> **EXERCISE DESCRIPTION**
Report each line of the entries below that has the word "layers" in it.

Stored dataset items
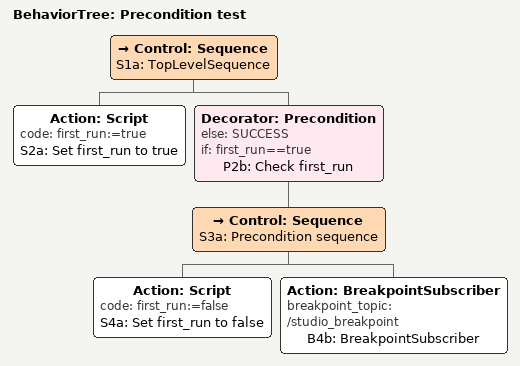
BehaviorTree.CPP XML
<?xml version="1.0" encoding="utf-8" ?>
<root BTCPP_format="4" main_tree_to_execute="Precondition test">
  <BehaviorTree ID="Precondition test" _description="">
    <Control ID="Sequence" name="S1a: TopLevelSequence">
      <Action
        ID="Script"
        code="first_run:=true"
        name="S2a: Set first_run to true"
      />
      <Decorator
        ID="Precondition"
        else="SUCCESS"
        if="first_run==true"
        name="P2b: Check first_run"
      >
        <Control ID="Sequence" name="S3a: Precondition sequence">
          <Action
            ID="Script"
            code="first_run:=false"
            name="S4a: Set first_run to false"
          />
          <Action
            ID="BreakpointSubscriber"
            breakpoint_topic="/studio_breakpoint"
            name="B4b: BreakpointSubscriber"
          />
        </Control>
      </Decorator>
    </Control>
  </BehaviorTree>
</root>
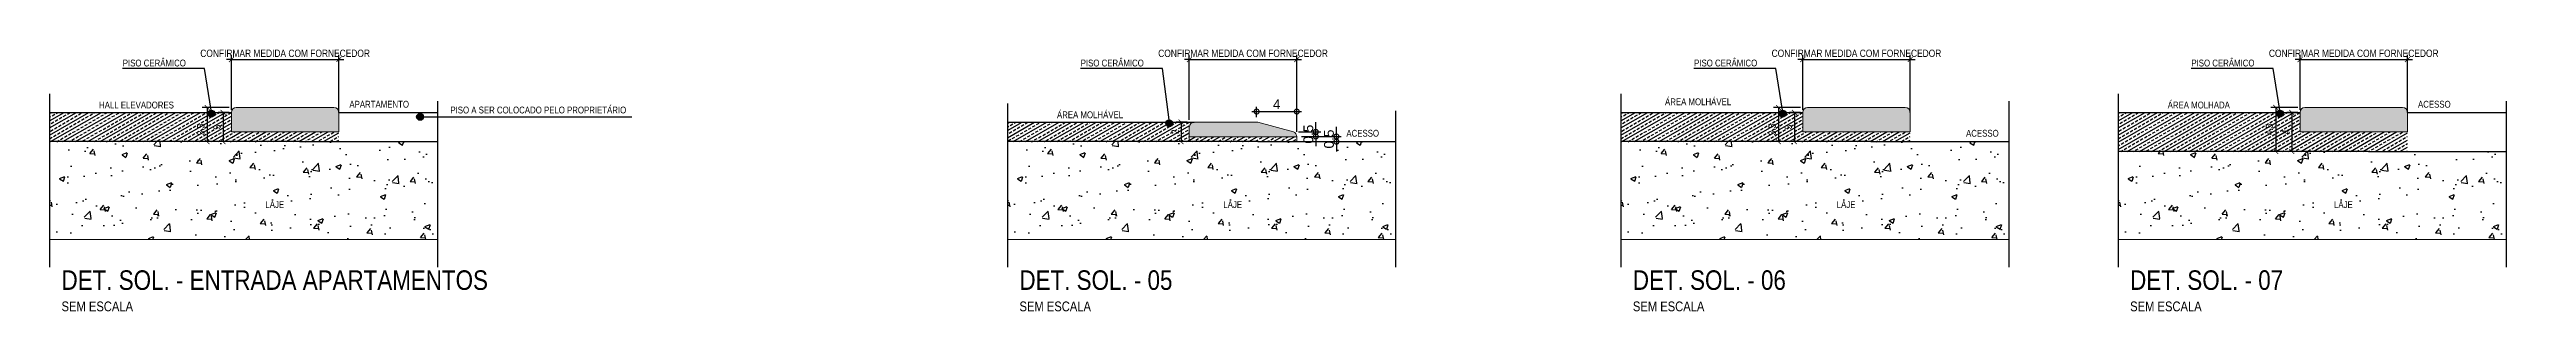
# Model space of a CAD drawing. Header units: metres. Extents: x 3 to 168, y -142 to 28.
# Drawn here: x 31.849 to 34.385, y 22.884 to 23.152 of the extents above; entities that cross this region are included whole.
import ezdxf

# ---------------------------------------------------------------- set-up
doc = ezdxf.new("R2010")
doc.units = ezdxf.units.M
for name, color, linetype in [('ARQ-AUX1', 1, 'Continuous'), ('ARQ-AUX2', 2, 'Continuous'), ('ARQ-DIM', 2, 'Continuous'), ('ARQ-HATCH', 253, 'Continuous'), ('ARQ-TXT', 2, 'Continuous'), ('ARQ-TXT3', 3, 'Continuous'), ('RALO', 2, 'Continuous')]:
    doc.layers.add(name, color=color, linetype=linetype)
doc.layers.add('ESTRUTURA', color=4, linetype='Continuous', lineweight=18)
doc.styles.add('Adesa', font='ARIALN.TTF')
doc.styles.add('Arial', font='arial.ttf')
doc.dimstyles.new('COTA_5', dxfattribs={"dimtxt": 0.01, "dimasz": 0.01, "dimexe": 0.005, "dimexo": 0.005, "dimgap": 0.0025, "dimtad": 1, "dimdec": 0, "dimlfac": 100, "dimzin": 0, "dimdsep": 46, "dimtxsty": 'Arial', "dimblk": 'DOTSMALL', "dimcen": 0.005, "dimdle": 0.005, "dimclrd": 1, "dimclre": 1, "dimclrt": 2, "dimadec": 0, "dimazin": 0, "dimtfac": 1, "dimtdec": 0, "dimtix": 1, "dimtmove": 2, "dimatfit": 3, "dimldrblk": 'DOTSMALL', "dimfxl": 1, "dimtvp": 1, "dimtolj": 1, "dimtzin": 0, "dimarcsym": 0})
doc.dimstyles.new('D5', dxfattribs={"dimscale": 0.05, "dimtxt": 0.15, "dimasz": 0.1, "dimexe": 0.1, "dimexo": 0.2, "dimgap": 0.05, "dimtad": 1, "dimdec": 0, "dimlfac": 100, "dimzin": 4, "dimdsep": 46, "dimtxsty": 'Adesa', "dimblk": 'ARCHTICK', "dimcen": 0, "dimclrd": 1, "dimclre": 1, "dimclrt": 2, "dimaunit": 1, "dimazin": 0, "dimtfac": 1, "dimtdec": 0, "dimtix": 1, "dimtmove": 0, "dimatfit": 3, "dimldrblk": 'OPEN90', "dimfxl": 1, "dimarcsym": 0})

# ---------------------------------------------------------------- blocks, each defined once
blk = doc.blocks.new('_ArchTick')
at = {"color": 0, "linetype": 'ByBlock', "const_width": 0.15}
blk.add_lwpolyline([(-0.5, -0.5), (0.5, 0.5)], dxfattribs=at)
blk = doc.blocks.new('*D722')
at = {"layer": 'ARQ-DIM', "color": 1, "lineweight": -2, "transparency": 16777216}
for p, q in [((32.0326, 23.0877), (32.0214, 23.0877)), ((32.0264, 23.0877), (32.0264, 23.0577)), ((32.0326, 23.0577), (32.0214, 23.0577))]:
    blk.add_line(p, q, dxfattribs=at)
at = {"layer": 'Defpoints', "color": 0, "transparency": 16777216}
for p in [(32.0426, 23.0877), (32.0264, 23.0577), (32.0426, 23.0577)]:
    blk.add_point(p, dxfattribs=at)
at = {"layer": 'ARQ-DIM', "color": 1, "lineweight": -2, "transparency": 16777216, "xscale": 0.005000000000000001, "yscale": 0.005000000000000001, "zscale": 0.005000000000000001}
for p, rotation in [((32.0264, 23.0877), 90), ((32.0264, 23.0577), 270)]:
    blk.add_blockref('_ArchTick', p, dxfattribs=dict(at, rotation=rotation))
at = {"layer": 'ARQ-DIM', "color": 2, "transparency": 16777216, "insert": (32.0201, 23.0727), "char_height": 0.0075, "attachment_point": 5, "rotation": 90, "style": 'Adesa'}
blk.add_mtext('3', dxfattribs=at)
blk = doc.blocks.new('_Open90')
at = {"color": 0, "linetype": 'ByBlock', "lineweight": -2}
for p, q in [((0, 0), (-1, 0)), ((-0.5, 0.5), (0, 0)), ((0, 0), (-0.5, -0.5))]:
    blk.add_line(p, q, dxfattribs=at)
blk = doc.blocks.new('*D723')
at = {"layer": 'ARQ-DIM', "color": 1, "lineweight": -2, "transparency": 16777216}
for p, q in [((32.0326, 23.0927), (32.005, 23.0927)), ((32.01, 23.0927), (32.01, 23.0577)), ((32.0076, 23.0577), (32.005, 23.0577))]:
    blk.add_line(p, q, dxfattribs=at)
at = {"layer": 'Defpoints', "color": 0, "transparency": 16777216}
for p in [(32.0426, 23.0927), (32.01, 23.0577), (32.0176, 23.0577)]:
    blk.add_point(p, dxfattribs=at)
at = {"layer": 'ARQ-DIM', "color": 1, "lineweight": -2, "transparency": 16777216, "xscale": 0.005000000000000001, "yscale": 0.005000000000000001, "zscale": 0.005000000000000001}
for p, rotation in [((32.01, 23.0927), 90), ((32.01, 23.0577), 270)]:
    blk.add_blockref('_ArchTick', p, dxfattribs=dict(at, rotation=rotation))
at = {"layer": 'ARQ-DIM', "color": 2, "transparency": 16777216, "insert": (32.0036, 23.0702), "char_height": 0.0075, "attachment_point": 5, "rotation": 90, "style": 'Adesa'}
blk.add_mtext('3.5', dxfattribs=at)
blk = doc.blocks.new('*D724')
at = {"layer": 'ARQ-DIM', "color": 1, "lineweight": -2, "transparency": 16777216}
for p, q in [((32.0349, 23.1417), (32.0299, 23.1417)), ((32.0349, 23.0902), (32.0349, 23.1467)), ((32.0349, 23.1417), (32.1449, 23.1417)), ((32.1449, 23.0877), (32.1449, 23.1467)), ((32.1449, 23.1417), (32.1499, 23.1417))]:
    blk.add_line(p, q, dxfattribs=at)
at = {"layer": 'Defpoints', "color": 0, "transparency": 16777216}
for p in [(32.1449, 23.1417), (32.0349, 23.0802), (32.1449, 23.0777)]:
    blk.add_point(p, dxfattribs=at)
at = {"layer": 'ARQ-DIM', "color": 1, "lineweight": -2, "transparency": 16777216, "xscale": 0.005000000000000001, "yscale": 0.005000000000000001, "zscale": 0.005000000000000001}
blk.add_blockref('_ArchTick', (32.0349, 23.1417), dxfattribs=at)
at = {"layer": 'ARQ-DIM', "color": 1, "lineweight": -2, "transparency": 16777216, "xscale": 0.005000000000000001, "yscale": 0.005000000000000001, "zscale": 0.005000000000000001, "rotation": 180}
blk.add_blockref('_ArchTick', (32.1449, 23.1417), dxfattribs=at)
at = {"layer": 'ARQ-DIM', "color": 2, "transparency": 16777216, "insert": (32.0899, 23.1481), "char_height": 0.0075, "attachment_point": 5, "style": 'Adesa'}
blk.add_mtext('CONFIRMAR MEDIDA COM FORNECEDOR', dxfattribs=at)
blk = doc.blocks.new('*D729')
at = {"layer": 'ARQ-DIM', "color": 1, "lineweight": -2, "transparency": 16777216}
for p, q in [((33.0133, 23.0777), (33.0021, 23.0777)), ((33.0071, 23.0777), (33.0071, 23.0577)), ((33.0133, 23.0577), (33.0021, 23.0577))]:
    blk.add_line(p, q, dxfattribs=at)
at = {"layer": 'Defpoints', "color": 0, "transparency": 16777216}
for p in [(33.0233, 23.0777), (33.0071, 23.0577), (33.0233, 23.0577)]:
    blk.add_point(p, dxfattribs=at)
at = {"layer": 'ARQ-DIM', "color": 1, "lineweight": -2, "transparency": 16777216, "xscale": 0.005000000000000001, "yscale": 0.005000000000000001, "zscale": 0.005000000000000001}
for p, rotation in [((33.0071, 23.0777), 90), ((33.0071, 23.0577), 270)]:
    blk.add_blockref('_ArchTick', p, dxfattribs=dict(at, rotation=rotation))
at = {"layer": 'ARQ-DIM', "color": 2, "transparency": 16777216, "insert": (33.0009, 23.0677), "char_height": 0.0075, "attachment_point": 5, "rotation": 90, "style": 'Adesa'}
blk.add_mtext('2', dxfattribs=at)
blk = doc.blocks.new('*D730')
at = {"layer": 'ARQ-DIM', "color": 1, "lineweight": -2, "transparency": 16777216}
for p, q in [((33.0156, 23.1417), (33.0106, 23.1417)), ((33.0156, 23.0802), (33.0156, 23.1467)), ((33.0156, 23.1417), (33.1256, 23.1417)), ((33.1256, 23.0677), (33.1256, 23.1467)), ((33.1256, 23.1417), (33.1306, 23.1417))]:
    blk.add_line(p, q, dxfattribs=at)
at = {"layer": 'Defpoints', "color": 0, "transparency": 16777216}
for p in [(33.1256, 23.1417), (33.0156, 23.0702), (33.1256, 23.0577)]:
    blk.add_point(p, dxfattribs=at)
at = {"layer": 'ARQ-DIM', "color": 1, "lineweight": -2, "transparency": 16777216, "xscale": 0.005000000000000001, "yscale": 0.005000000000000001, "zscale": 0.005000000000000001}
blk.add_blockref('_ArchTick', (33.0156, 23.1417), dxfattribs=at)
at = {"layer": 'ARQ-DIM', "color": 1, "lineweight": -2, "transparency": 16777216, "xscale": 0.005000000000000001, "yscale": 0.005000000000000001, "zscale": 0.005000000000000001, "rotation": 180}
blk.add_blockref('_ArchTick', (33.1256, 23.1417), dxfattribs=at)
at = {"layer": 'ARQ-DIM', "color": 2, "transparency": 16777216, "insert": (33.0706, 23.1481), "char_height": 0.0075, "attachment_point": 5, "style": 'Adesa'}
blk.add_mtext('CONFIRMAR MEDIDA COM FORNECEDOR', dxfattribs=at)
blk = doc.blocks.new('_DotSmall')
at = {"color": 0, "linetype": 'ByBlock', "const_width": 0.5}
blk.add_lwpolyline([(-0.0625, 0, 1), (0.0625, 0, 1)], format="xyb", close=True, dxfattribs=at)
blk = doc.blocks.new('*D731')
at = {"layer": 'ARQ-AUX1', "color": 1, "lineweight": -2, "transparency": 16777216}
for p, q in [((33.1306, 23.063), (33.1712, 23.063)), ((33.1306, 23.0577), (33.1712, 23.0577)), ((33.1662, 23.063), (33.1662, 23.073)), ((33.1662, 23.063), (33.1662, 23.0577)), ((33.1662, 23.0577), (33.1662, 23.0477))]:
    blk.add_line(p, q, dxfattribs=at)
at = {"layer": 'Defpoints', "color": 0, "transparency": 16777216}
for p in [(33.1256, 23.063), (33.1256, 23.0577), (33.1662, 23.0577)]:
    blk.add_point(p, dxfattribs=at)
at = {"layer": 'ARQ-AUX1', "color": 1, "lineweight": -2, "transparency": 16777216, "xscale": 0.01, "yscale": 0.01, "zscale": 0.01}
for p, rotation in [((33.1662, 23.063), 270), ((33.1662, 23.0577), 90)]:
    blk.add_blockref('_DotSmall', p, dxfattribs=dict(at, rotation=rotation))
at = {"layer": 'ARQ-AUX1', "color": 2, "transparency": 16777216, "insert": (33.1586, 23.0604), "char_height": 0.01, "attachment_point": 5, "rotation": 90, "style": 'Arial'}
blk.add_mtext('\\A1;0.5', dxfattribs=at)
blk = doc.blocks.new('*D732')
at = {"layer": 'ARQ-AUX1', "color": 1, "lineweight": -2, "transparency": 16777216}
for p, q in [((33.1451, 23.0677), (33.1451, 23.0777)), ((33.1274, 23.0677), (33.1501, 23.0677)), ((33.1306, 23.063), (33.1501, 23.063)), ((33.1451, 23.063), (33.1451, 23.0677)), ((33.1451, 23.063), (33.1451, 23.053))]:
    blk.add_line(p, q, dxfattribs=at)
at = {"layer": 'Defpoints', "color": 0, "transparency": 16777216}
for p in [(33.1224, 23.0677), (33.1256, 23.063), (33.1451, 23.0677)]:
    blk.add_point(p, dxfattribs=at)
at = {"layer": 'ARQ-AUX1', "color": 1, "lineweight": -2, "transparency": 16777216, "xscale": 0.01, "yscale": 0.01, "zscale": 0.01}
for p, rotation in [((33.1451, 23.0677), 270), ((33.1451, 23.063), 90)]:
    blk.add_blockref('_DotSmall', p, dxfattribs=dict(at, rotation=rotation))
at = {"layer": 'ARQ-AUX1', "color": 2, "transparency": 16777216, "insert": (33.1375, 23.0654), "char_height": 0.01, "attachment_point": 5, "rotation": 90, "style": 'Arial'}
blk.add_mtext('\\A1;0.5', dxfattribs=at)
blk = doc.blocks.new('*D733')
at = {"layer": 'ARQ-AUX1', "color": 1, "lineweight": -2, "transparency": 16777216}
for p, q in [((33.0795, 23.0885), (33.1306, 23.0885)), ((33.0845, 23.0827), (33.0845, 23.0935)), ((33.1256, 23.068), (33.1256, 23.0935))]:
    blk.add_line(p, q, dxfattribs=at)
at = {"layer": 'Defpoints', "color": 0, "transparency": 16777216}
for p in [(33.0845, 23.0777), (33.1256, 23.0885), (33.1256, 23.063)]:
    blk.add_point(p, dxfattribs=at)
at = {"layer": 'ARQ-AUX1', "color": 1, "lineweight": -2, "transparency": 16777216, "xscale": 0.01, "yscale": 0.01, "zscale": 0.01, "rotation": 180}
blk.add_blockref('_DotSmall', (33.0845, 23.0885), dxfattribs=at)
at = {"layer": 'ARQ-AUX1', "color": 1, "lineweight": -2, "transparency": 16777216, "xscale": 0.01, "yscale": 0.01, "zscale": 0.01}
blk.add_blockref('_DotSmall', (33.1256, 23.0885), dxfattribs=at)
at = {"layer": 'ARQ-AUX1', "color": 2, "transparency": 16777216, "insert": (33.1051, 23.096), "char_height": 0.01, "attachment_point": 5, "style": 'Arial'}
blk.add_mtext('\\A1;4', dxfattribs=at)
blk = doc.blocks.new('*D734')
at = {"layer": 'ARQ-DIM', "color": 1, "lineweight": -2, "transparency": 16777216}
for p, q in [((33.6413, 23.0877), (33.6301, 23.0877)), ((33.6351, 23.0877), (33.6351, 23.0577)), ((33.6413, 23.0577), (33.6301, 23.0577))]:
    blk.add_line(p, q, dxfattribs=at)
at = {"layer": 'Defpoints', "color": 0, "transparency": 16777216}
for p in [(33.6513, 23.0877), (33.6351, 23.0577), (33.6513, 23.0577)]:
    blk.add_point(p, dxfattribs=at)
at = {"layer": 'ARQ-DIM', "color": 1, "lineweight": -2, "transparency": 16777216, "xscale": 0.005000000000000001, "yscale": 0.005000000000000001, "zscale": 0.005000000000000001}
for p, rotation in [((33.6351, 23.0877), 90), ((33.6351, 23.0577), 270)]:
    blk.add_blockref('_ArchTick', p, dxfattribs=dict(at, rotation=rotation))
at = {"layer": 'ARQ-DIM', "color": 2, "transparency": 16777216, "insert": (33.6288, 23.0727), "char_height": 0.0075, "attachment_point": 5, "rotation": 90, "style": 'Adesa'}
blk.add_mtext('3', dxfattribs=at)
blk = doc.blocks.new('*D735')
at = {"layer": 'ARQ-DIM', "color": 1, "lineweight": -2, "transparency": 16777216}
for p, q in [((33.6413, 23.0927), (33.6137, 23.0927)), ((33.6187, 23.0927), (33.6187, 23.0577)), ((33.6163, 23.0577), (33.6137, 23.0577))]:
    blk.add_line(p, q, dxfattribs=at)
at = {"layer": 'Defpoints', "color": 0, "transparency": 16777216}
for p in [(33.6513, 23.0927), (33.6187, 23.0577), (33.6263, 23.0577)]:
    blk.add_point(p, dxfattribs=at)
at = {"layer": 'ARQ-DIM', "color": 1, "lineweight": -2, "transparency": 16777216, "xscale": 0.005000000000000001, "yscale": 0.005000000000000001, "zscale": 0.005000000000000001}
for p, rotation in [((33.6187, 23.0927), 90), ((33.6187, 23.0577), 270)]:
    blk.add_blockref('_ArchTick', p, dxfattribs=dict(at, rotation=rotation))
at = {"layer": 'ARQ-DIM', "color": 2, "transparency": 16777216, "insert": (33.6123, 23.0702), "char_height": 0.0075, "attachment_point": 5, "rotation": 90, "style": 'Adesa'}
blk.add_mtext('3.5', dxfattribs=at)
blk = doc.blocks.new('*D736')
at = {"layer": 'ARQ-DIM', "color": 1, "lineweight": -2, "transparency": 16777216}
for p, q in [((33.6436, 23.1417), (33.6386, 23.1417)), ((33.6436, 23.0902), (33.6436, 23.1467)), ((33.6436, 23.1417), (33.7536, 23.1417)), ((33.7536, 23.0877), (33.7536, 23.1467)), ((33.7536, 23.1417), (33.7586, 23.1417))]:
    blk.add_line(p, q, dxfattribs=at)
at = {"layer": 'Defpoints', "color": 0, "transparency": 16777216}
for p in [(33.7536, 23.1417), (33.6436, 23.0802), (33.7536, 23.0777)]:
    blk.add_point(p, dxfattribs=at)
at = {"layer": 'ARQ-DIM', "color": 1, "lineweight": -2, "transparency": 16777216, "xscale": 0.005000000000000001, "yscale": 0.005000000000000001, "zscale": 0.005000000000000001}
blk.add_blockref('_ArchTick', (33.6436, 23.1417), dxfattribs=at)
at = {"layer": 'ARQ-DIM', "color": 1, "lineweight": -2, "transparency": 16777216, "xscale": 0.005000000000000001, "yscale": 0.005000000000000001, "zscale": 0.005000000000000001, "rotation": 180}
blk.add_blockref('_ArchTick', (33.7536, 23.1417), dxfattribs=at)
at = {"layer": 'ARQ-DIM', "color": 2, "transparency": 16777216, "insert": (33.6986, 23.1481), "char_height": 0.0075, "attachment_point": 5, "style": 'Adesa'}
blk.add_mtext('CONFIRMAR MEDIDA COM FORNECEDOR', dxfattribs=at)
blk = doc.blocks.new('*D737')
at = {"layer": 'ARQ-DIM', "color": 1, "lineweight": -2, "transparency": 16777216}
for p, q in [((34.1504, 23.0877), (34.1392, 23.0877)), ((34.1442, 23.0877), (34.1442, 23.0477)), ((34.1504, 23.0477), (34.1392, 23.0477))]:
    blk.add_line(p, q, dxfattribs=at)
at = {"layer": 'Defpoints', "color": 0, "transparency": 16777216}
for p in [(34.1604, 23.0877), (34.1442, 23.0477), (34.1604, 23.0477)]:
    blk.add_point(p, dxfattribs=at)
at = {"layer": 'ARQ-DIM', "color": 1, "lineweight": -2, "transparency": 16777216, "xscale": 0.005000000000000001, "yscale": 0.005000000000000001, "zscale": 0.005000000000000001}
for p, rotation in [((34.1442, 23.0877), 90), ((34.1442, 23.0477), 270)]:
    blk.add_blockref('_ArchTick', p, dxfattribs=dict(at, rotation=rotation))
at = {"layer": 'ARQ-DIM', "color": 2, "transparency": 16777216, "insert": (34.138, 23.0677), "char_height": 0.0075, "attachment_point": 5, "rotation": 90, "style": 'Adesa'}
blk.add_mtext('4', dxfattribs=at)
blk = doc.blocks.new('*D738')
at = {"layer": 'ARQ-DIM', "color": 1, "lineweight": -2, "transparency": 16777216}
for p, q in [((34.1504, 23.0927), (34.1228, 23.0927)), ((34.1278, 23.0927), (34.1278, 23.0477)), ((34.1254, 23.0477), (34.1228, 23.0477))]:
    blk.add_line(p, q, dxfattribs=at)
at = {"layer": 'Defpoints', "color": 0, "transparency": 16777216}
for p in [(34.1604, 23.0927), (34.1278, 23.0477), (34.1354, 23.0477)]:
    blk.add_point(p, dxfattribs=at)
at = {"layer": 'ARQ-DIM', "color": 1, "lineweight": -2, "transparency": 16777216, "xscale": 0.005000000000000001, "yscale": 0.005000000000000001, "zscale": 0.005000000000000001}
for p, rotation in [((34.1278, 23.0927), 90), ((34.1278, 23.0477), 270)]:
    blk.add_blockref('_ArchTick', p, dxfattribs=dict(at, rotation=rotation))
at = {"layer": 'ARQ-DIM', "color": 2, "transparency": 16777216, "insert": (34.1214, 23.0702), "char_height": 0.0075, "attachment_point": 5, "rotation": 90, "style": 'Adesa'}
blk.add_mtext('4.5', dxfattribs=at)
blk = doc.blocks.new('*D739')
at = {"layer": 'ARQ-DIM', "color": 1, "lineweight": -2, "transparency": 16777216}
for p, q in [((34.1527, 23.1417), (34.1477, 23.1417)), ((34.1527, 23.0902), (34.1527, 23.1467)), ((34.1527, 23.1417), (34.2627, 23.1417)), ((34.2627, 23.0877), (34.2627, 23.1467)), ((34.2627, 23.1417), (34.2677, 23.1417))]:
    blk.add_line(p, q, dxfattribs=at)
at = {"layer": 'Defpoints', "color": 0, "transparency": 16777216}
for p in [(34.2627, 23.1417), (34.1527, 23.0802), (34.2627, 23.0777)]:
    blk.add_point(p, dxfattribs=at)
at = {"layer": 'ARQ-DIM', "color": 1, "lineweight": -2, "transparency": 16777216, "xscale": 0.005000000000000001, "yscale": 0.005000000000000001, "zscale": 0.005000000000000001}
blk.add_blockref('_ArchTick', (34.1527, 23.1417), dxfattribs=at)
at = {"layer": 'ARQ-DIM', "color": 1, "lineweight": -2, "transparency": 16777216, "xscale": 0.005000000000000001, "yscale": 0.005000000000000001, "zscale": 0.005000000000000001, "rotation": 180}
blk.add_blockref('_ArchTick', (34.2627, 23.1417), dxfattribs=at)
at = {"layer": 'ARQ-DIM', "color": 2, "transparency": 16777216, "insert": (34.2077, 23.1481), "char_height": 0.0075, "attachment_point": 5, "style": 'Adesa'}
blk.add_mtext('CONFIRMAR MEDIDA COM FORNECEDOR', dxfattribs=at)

> **SOLUTION**
    doc.layers.add(name, color=color, linetype=linetype)
doc.layers.add('ESTRUTURA', color=4, linetype='Continuous', lineweight=18)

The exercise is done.